> [EXERCISE PROMPT]: From the listing below, pull out the lines that hold "White".

> [PROVIDED INFORMATION]:

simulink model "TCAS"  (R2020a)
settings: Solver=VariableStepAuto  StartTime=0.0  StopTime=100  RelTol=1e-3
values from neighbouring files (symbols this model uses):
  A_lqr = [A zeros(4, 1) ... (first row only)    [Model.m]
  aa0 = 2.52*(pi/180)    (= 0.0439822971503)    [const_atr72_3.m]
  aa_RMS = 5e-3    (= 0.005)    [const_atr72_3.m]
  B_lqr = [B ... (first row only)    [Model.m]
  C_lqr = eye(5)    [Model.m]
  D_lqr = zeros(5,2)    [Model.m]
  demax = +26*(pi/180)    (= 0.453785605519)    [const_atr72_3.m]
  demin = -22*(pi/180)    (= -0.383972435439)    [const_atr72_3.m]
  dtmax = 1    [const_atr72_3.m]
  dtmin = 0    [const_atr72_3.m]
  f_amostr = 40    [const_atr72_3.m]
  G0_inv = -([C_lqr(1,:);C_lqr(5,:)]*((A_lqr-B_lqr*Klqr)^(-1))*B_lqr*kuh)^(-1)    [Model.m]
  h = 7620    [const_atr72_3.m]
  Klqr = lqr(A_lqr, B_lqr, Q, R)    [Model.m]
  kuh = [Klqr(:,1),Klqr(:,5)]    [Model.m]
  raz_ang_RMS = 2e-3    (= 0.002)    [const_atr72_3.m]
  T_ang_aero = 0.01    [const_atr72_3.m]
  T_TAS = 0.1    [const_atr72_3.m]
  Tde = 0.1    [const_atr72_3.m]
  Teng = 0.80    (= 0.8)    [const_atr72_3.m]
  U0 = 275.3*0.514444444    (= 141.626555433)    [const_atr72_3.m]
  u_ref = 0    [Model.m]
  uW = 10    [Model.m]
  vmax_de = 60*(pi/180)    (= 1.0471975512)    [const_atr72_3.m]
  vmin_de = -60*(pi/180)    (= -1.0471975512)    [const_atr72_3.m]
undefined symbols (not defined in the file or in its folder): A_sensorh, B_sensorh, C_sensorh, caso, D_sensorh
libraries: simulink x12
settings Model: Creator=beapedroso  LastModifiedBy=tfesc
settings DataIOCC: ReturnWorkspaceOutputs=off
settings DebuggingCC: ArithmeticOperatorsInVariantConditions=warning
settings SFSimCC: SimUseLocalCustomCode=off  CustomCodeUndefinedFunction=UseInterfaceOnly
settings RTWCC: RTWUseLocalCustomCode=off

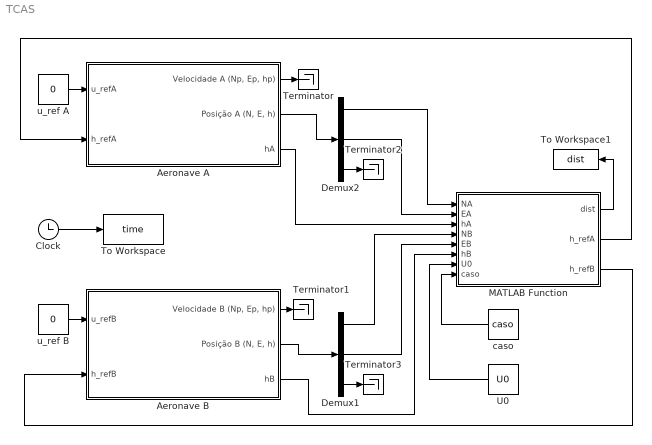
== system TCAS ==
  Aeronave A : Subsystem
  Aeronave B : Subsystem
  Clock : Clock
  Demux1 : Demux  Outputs=3
  Demux2 : Demux  Outputs=3
  MATLAB Function : MATLAB Function  TreatAsAtomicUnit=on
  Terminator{,1..3} (4 alike) : Terminator
  To Workspace : ToWorkspace  VariableName=time  SampleTime=1
  To Workspace1 : ToWorkspace  VariableName=dist  SaveFormat=Structure With Time  SampleTime=-1
  U0 : Constant  Value=U0
  caso : Constant  Value=caso
  u_ref A : Constant  Value=0
  u_ref B : Constant  Value=0
  wires:
  Aeronave A/1("Velocidade A (Np, Ep, hp)") -> Terminator/1
  Aeronave B/1("Velocidade B (Np, Ep, hp)") -> Terminator1/1
  Clock/1 -> To Workspace/1
  Aeronave B/2("Posição B (N, E, h)") -> Demux1/1
  Demux1/1 -> MATLAB Function/4(NB)
  Demux1/2 -> MATLAB Function/5(EB)
  U0/1 -> MATLAB Function/7(U0)
  Aeronave A/2("Posição A (N, E, h)") -> Demux2/1
  Demux2/1 -> MATLAB Function/1(NA)
  Demux2/2 -> MATLAB Function/2(EA)
  MATLAB Function/3(h_refB) -> Aeronave B/2(h_refB)
  MATLAB Function/2(h_refA) -> Aeronave A/2(h_refA)
  u_ref A/1 -> Aeronave A/1(u_refA)
  u_ref B/1 -> Aeronave B/1(u_refB)
  caso/1 -> MATLAB Function/8(caso)
  MATLAB Function/1(dist) -> To Workspace1/1
  Aeronave B/3(hB) -> MATLAB Function/6(hB)
  Aeronave A/3(hA) -> MATLAB Function/3(hA)
  Demux1/3 -> Terminator3/1
  Demux2/3 -> Terminator2/1

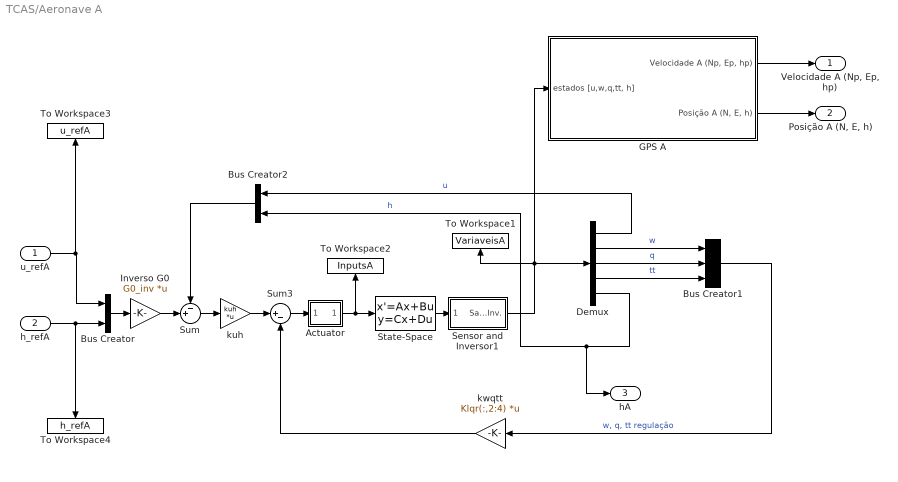
== system TCAS/Aeronave A ==
  u_refA : Inport
  h_refA : Inport  Port=2
  Actuator : Subsystem
  Bus Creator : BusCreator  Inputs=2
  Bus Creator1 : BusCreator  Inputs=3
  Bus Creator2 : BusCreator  Inputs=2
  Demux : Demux  Outputs=5
  GPS A : Subsystem
  Inverso G0 : Gain  Gain=G0_inv  Multiplication=Matrix(K*u)
  Sensor and Inversor1 : Subsystem
  State-Space : StateSpace  A=A_lqr  B=B_lqr  C=C_lqr  D=D_lqr  InitialCondition=[0,0,0,0,h]
  Sum : Sum  Inputs=-+|
  Sum3 : Sum  Inputs=|+-
  To Workspace1 : ToWorkspace  VariableName=VariaveisA  SaveFormat=Structure With Time  SampleTime=0.1
  To Workspace2 : ToWorkspace  VariableName=InputsA  SaveFormat=Structure With Time  SampleTime=0.1
  To Workspace3 : ToWorkspace  VariableName=u_refA  SaveFormat=Structure With Time  SampleTime=0.1
  To Workspace4 : ToWorkspace  VariableName=h_refA  SaveFormat=Structure With Time  SampleTime=0.1
  kuh : Gain  Gain=kuh  Multiplication=Matrix(K*u)
  kwqtt : Gain  Gain=Klqr(:,2:4)  Multiplication=Matrix(K*u)
  "Velocidade A (Np, Ep, hp)" : Outport  VectorParamsAs1DForOutWhenUnconnected=off
  "Posição A (N, E, h)" : Outport  Port=2  VectorParamsAs1DForOutWhenUnconnected=off
  hA : Outport  Port=3
  wires:
  GPS A/1("Velocidade A (Np, Ep, hp)") -> "Velocidade A (Np, Ep, hp)"/1
  GPS A/2("Posição A (N, E, h)") -> "Posição A (N, E, h)"/1
  kwqtt/1 -> Sum3/2
  Demux/3 -> Bus Creator1/2  "q"
  Demux/5 -> hA/1, Bus Creator2/2  "h"
  State-Space/1 -> Sensor and Inversor1/1(1)
  h_refA/1 -> Bus Creator/2, To Workspace4/1
  Bus Creator2/1 -> Sum/1
  Bus Creator1/1 -> kwqtt/1  "w, q, tt regulação"
  Inverso G0/1 -> Sum/2
  Demux/1 -> Bus Creator2/1  "u"
  Sum/1 -> kuh/1
  u_refA/1 -> Bus Creator/1, To Workspace3/1
  kuh/1 -> Sum3/1
  Demux/4 -> Bus Creator1/3  "tt"
  Bus Creator/1 -> Inverso G0/1
  Demux/2 -> Bus Creator1/1  "w"
  Sensor and Inversor1/1(Saída Inv.) -> To Workspace1/1, Demux/1, GPS A/1("estados [u,w,q,tt, h]")
  Sum3/1 -> Actuator/1(In1)
  Actuator/1(Out1) -> To Workspace2/1, State-Space/1

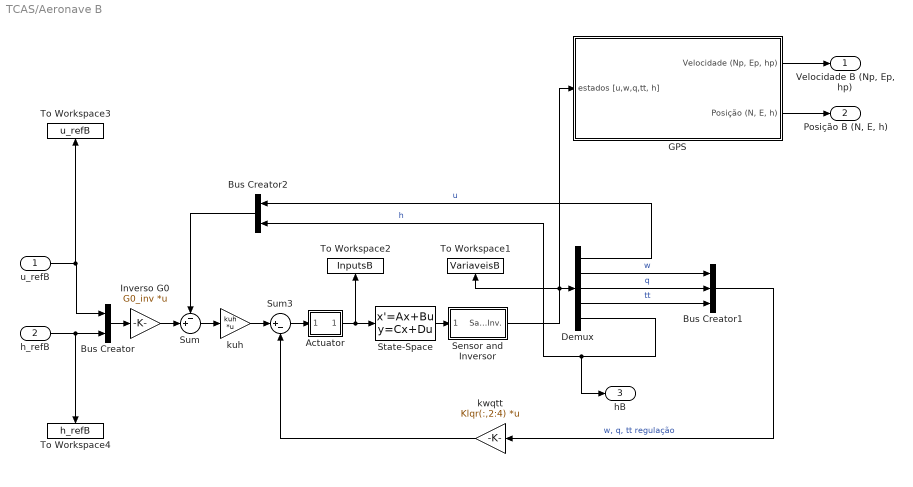
== system TCAS/Aeronave B ==
  u_refB : Inport
  h_refB : Inport  Port=2
  Actuator : Subsystem
  Bus Creator : BusCreator  Inputs=2
  Bus Creator1 : BusCreator  Inputs=3
  Bus Creator2 : BusCreator  Inputs=2
  Demux : Demux  Outputs=5
  GPS : Subsystem
  Inverso G0 : Gain  Gain=G0_inv  Multiplication=Matrix(K*u)
  Sensor and Inversor : Subsystem
  State-Space : StateSpace  A=A_lqr  B=B_lqr  C=C_lqr  D=D_lqr  InitialCondition=[0,0,0,0,h]
  Sum : Sum  Inputs=-+|
  Sum3 : Sum  Inputs=|+-
  To Workspace1 : ToWorkspace  VariableName=VariaveisB  SaveFormat=Structure With Time  SampleTime=0.1
  To Workspace2 : ToWorkspace  VariableName=InputsB  SaveFormat=Structure With Time  SampleTime=0.1
  To Workspace3 : ToWorkspace  VariableName=u_refB  SaveFormat=Structure With Time  SampleTime=0.1
  To Workspace4 : ToWorkspace  VariableName=h_refB  SaveFormat=Structure With Time  SampleTime=0.1
  kuh : Gain  Gain=kuh  Multiplication=Matrix(K*u)
  kwqtt : Gain  Gain=Klqr(:,2:4)  Multiplication=Matrix(K*u)
  "Velocidade B (Np, Ep, hp)" : Outport  VectorParamsAs1DForOutWhenUnconnected=off
  "Posição B (N, E, h)" : Outport  Port=2  VectorParamsAs1DForOutWhenUnconnected=off
  hB : Outport  Port=3
  wires:
  GPS/1("Velocidade (Np, Ep, hp)") -> "Velocidade B (Np, Ep, hp)"/1
  GPS/2("Posição (N, E, h)") -> "Posição B (N, E, h)"/1
  Demux/1 -> Bus Creator2/1  "u"
  h_refB/1 -> Bus Creator/2, To Workspace4/1
  Sum/1 -> kuh/1
  Demux/4 -> Bus Creator1/3  "tt"
  u_refB/1 -> Bus Creator/1, To Workspace3/1
  kwqtt/1 -> Sum3/2
  Bus Creator2/1 -> Sum/1
  Inverso G0/1 -> Sum/2
  Demux/3 -> Bus Creator1/2  "q"
  Demux/2 -> Bus Creator1/1  "w"
  Bus Creator1/1 -> kwqtt/1  "w, q, tt regulação"
  Bus Creator/1 -> Inverso G0/1
  kuh/1 -> Sum3/1
  State-Space/1 -> Sensor and Inversor/1(1)
  Sensor and Inversor/1(Saída Inv.) -> GPS/1("estados [u,w,q,tt, h]"), To Workspace1/1, Demux/1
  Sum3/1 -> Actuator/1(In1)
  Actuator/1(Out1) -> State-Space/1, To Workspace2/1
  Demux/5 -> hB/1, Bus Creator2/2  "h"

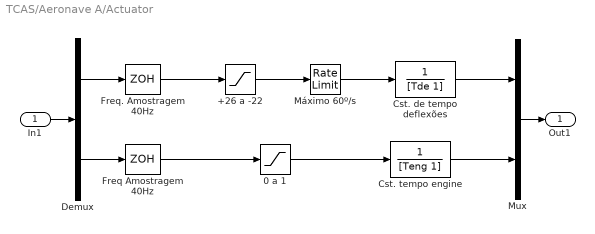
== system TCAS/Aeronave A/Actuator ==
  In1 : Inport
  +26 a -22 : Saturate  UpperLimit=demax  LowerLimit=demin
  0 a 1 : Saturate  UpperLimit=dtmax  LowerLimit=dtmin
  Cst. de tempo deflexões : TransferFcn  Denominator=[Tde 1]
  Cst. tempo engine : TransferFcn  Denominator=[Teng 1]
  Demux : Demux  Outputs=2
  Freq Amostragem 40Hz : ZeroOrderHold  SampleTime=1/f_amostr
  Freq. Amostragem 40Hz : ZeroOrderHold  SampleTime=1/f_amostr
  Mux : Mux  Inputs=2
  Máximo 60º/s : RateLimiter  RisingSlewLimit=vmax_de  FallingSlewLimit=vmin_de  SampleTimeMode=inherited  LinearizeAsGain=off
  Out1 : Outport
  wires:
  Freq. Amostragem 40Hz/1 -> +26 a -22/1
  Freq Amostragem 40Hz/1 -> 0 a 1/1
  +26 a -22/1 -> Máximo 60º/s/1
  Máximo 60º/s/1 -> Cst. de tempo deflexões/1
  0 a 1/1 -> Cst. tempo engine/1
  Demux/1 -> Freq. Amostragem 40Hz/1
  Mux/1 -> Out1/1
  In1/1 -> Demux/1
  Demux/2 -> Freq Amostragem 40Hz/1
  Cst. tempo engine/1 -> Mux/2
  Cst. de tempo deflexões/1 -> Mux/1

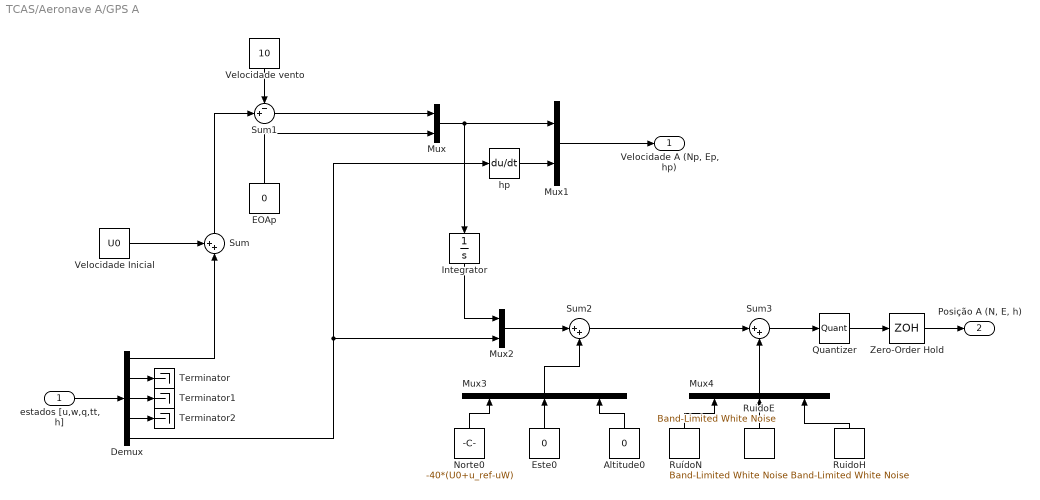
== system TCAS/Aeronave A/GPS A ==
  "estados [u,w,q,tt, h]" : Inport
  Altitude0 : Constant  Value=0
  Demux : Demux  Outputs=5
  EOAp : Constant  Value=0
  Este0 : Constant  Value=0
  Integrator : Integrator
  Mux : Mux  Inputs=2
  Mux1 : Mux  Inputs=2
  Mux2 : Mux  Inputs=2
  Mux3 : Mux  Inputs=3
  Mux4 : Mux  Inputs=3
  Norte0 : Constant  Value=-40*(U0+u_ref-uW)
  Quantizer : Quantizer
  RuidoE : simulink/Sources/Band-Limited White Noise  Cov=[0.1]  Ts=0.1  seed=[23341]
  RuidoH : simulink/Sources/Band-Limited White Noise  Cov=[0.1]  Ts=0.1  seed=[23341]
  RuídoN : simulink/Sources/Band-Limited White Noise  Cov=[0.1]  Ts=0.1  seed=[23341]
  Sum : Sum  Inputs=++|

> [COMPLETED TASK]:
  RuidoE : simulink/Sources/Band-Limited White Noise  Cov=[0.1]  Ts=0.1  seed=[23341]
  RuidoH : simulink/Sources/Band-Limited White Noise  Cov=[0.1]  Ts=0.1  seed=[23341]
  RuídoN : simulink/Sources/Band-Limited White Noise  Cov=[0.1]  Ts=0.1  seed=[23341]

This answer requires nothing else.